Кстати о броненосцах. Вот ведь незадача, если придется драться с неизвестными кораблями, а исключать и такой поворот событий Макаров не мог, то в море выходить, собственно, и не на чем. Три броненосца, пришедшие в Порт-Артур после сражения с японцами, небоеспособны – их слишком сильно потрепало, а ремонтные мощности порта на проверку оказались ничтожны. Даже те корабли, которые уже стояли на ремонте, в порядок все еще не приведены. И с чем встречать незваных гостей? Выходить против них на "Баяне" с парой легких крейсеров, или просто топить все, что можно, на фарватере, чтобы не допустить противника в гавань? А что еще прикажете делать – ведь сколько не говорили до войны, что надо обеспечивать базу нормальными доками, все как-то глохло в пустой болтовне. Потом всю войну расхлебывали, ходили в море на залатанных на живую нитку кораблях, в бою постоянно нервничали, что из-за сотрясений от собственных выстрелов отлетят наскоро установленные заплатки, и теперь вот вынуждены бессильно кусать локти, зная, что ничего не могут сделать. И, главное, ничего опять не изменится, логика чиновников проста, как гвоздь: если русские чудо-богатыри сейчас справились – значит, и в следующий раз сдюжат. И нечего деньги тратить, чтобы им легче было. А на то, что эти самые чудо-богатыри из-за этого гибнут, им наплевать – бабы, мол, еще нарожают. Иногда Макарову хотелось просто развернуть башню да врезать прямой наводкой… Куда точно – он и сам не знал, но отлично понимал, что очень многим, в первую очередь, матросам хочется сделать того же самого. И еще он понимал, что сумел придушить здесь, в Порт-Артуре бунтовщиков только благодаря авторитету, да еще тому, что война поневоле заставляет людей заботиться о том, чтобы выжить, а не о всеобщем благе. Что творится на других флотах, он представлял неплохо, и оптимизма это знание лучшему адмиралу Российской империи не добавляло.

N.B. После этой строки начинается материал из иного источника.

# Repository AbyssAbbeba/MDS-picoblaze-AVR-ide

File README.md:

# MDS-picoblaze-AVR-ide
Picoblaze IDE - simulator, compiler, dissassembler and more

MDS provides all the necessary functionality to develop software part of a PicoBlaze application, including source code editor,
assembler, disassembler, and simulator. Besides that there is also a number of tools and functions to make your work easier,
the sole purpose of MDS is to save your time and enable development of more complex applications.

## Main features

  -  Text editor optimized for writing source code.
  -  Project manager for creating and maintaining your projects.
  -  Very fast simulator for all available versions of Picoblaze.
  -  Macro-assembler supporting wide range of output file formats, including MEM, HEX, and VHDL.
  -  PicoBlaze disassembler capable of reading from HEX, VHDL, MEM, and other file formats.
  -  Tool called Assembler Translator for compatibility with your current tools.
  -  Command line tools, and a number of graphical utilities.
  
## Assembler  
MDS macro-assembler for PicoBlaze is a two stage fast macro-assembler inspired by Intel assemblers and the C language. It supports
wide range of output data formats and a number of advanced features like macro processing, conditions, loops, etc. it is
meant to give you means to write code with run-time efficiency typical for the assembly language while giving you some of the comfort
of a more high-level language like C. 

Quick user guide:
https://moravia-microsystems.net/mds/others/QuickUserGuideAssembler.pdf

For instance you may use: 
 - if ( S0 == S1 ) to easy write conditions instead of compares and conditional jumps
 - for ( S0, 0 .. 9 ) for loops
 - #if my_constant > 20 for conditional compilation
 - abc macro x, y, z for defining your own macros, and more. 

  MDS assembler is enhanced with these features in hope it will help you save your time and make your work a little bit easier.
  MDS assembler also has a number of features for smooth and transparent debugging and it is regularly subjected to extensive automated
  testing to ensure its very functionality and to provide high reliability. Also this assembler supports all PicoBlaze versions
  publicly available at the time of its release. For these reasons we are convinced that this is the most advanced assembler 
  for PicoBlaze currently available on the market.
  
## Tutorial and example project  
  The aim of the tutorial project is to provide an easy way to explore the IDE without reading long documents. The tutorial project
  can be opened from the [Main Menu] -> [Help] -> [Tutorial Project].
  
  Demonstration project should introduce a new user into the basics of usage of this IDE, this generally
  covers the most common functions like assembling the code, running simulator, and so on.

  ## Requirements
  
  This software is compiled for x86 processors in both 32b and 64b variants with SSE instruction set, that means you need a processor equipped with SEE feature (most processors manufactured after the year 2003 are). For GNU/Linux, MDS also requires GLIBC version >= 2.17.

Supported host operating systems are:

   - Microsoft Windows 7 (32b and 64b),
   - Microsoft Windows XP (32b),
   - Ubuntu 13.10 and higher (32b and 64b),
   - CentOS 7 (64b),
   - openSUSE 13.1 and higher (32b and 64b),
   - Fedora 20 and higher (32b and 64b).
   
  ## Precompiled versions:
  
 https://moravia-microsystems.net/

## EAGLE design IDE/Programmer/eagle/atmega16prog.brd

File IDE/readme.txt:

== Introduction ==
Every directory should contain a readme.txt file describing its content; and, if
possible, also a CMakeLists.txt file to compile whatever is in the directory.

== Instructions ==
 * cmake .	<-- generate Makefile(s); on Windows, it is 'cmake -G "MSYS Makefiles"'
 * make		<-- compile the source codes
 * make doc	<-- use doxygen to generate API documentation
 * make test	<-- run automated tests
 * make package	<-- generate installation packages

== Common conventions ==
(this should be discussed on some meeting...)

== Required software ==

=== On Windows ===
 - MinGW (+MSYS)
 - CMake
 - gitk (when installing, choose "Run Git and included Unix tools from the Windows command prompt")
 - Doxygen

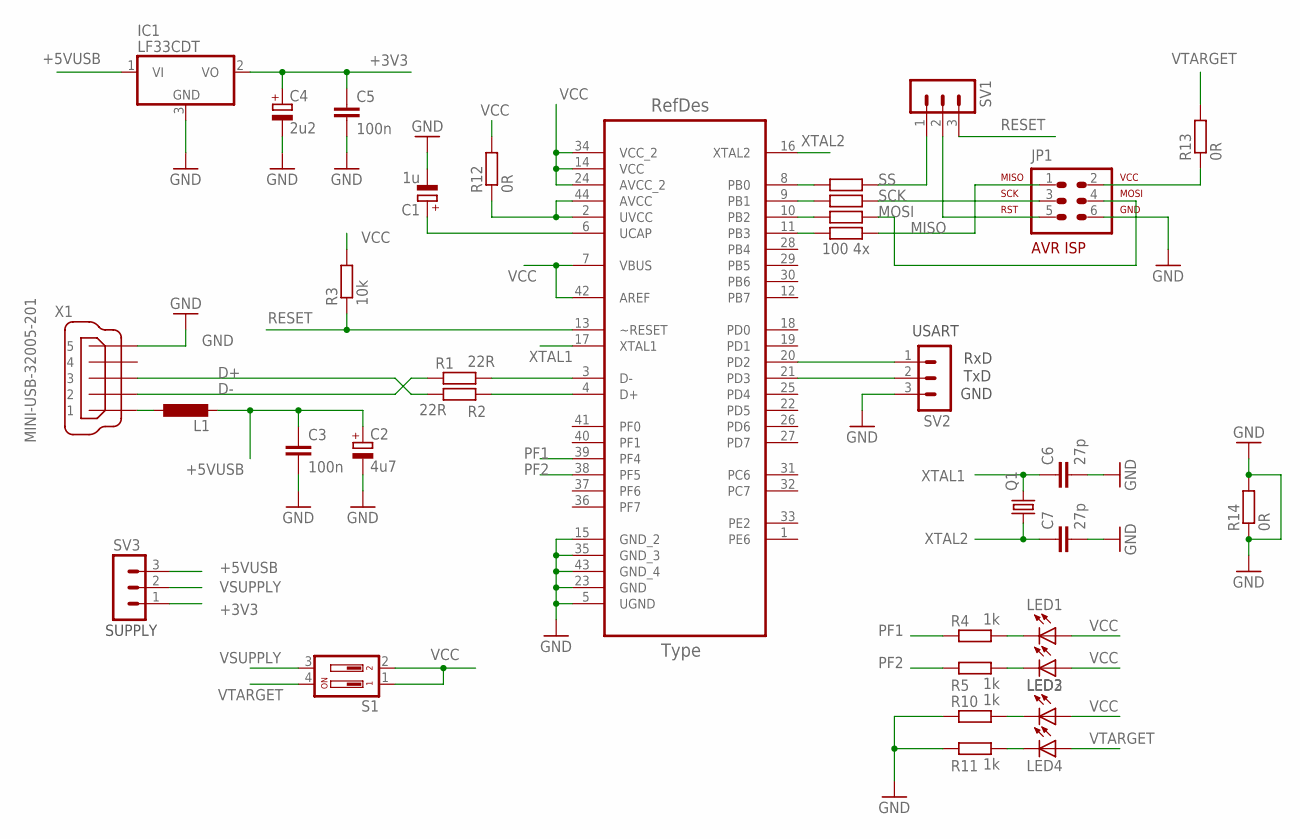
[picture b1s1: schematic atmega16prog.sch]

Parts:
C1: 1u; SMC_A
C2: 4u7; SMC_B
C3, C5: 100n; C0805K
C4: 2u2; A/3216-18W
C6, C7: 27p; C0805K
IC1: LF33CDT; TO252
JP1: AVR-ISP-6VERT; AVR-ISP-6
L1: L-EU0204/7; 0204/7
LED1, LED2, LED3, LED4: LED3MM
Q1: CRYSTALHC49S; HC49/S
R1, R2: 22R; M0805
R3: 10k; M0805
R4, R5, R10, R11: 1k; M0805
R6: 100 4x; M0805
R7: R-EU_R0805; R0805
R8: R-EU_M0805; M0805
R9: 100; M0805
R12, R13, R14: 0R; MINI_MELF-0102W
S1: DS02; DS-02
SV1, SV2, SV3: MA03-1
U1: ATMEGA16U4-AU; QFP80P1200X1200X120-44N
X1: MINI-USB-32005-201; 32005-201

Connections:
+3V3: C4.+, C5.1, IC1.2 (VO), SV3.1
+5VUSB: C2.+, C3.1, IC1.1 (VI), L1.2, SV3.3
D+: R2.1, X1.3
D-: R1.1, X1.2
GND: C1.-, C2.-, C3.2, C4.-, C5.2, C6.2, C7.2, IC1.3 (GND), JP1.6, R10.1, R11.1, R14.1, R14.2, SV2.3, U1.5 (UGND), U1.15 (GND_2), U1.23 (GND), U1.35 (GND_3), U1.43 (GND_4), X1.5
MISO: JP1.1, R6.2
MOSI: JP1.4, R7.2
unnamed: C1.+, U1.6 (UCAP)
unnamed: SV2.1, U1.20 (PD2)
unnamed: R2.2, U1.4 (D+)
unnamed: R1.2, U1.3 (D-)
unnamed: R9.1, U1.8 (PB0)
unnamed: R8.1, U1.9 (PB1)
unnamed: SV2.2, U1.21 (PD3)
unnamed: LED1.K (C), R4.2
unnamed: LED2.K (C), R5.2
unnamed: R7.1, U1.10 (PB2)
unnamed: R6.1, U1.11 (PB3)
unnamed: L1.1, X1.1
unnamed: LED3.K (C), R10.2
unnamed: LED4.K (C), R11.2
unnamed: R12.1, U1.2 (UVCC), U1.44 (AVCC)
unnamed: JP1.2, R13.1
PF1: R4.1, U1.39 (PF4)
PF2: R5.1, U1.38 (PF5)
RESET: R3.1, SV1.3, U1.13 (~RESET)
RST: JP1.5, SV1.2
SCK: JP1.3, R8.2
SS: R9.2, SV1.1
VCC: LED1.A, LED2.A, LED3.A, R3.2, R12.2, S1.1, S1.2, U1.7 (VBUS), U1.14 (VCC), U1.24 (AVCC_2), U1.34 (VCC_2), U1.42 (AREF)
VSUPPLY: S1.3, SV3.2
VTARGET: LED4.A, R13.2, S1.4
XTAL1: C6.1, Q1.2, U1.17 (XTAL1)
XTAL2: C7.1, Q1.1, U1.16 (XTAL2)

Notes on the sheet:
GND
TxD
RxD
USART
SUPPLY

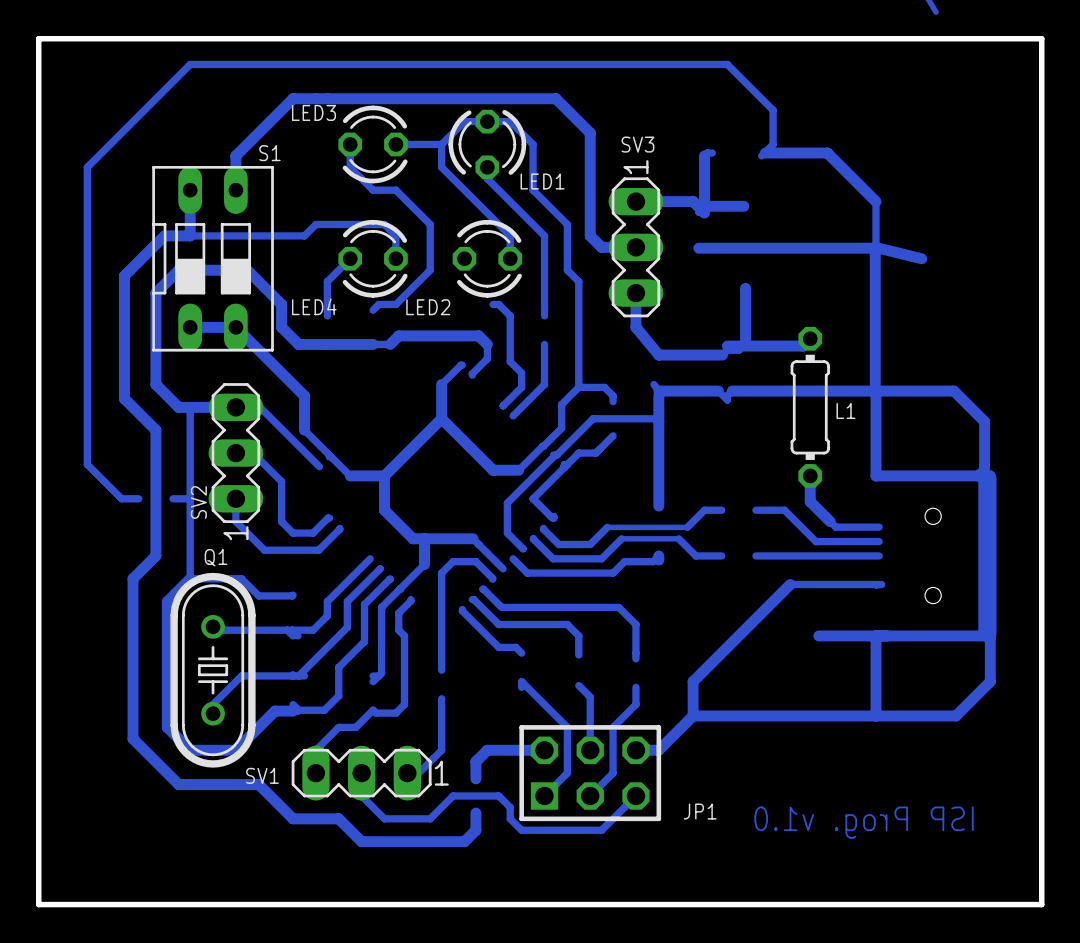
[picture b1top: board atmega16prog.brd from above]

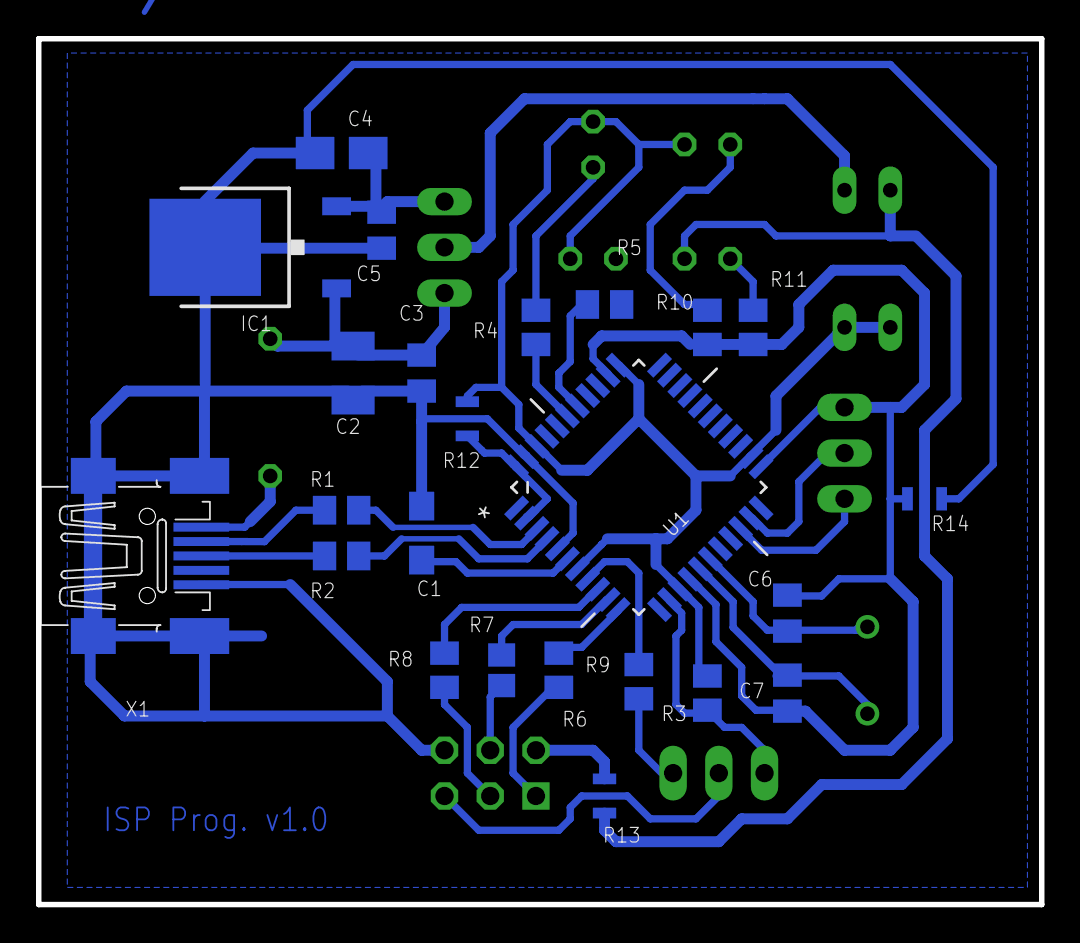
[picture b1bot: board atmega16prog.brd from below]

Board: 2 copper layers, 55.7 x 48.1 mm, 35 parts (24 on the bottom side), 34 nets.

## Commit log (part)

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2015-01-15 +gui
2015-01-15 (no comment)
2018-06-30 Master: git publish version
2018-06-30 Fix refund policy
2018-07-03 Add missing license and reference to icons
2018-07-05 Created readme file
2018-07-05 Readme added assembler quick user guide
2018-07-06 Added picture to readme

От мрачных мыслей его отвлек удивленный возглас кого-то из стоящих на почтительном отдалении от командующего флотом офицеров. Стояли в стороне они по двум причинам – во-первых, чтобы не мешать раздумьям адмирала, а во-вторых, чтобы не попасть под горячую руку. Любое, даже самое лучшее начальство может в определенные моменты быть излишне грозным и сорвать раздражение на подчиненных, а Макаров, как все знали, был крут. Тем не менее, адмирал даже не обратил внимания на возмутителя спокойствия, уж больно необычное зрелище предстало перед ним. Из-за кормы одного из кораблей вылетело нечто вроде миноносца, только широкое, непривычных очертаний, и с огромной скоростью устремилось к берегу. Скорость эту Макаров оценил примерно узлов в пятьдесят, и ему потребовалось минуты две или три, чтобы осознать всю нереальность этой цифры. Неизвестный же корабль, будто плюя на все представления собравшихся о реальности и нереальности, устремился прямиком ко входу в бухту, не обращая внимания ни на миноносцы, ни на изгибы фарватера.
– Куда он… – выдохнул кто-то озвучивая мысль, которая пришла одновременно в голову всем присутствующим. Корабль, не снижая скорости, несся прямиком на берег, и все уже ждали удара и громкого, наверняка слышного даже здесь скрежета раздираемого металла, но… корабль вылетел на берег и, не снижая скорости, понесся по земле в сторону города. На несколько секунд все застыли в шоке, а затем, плюнув на приличия, толпой, невзирая на чины, бросились за ним.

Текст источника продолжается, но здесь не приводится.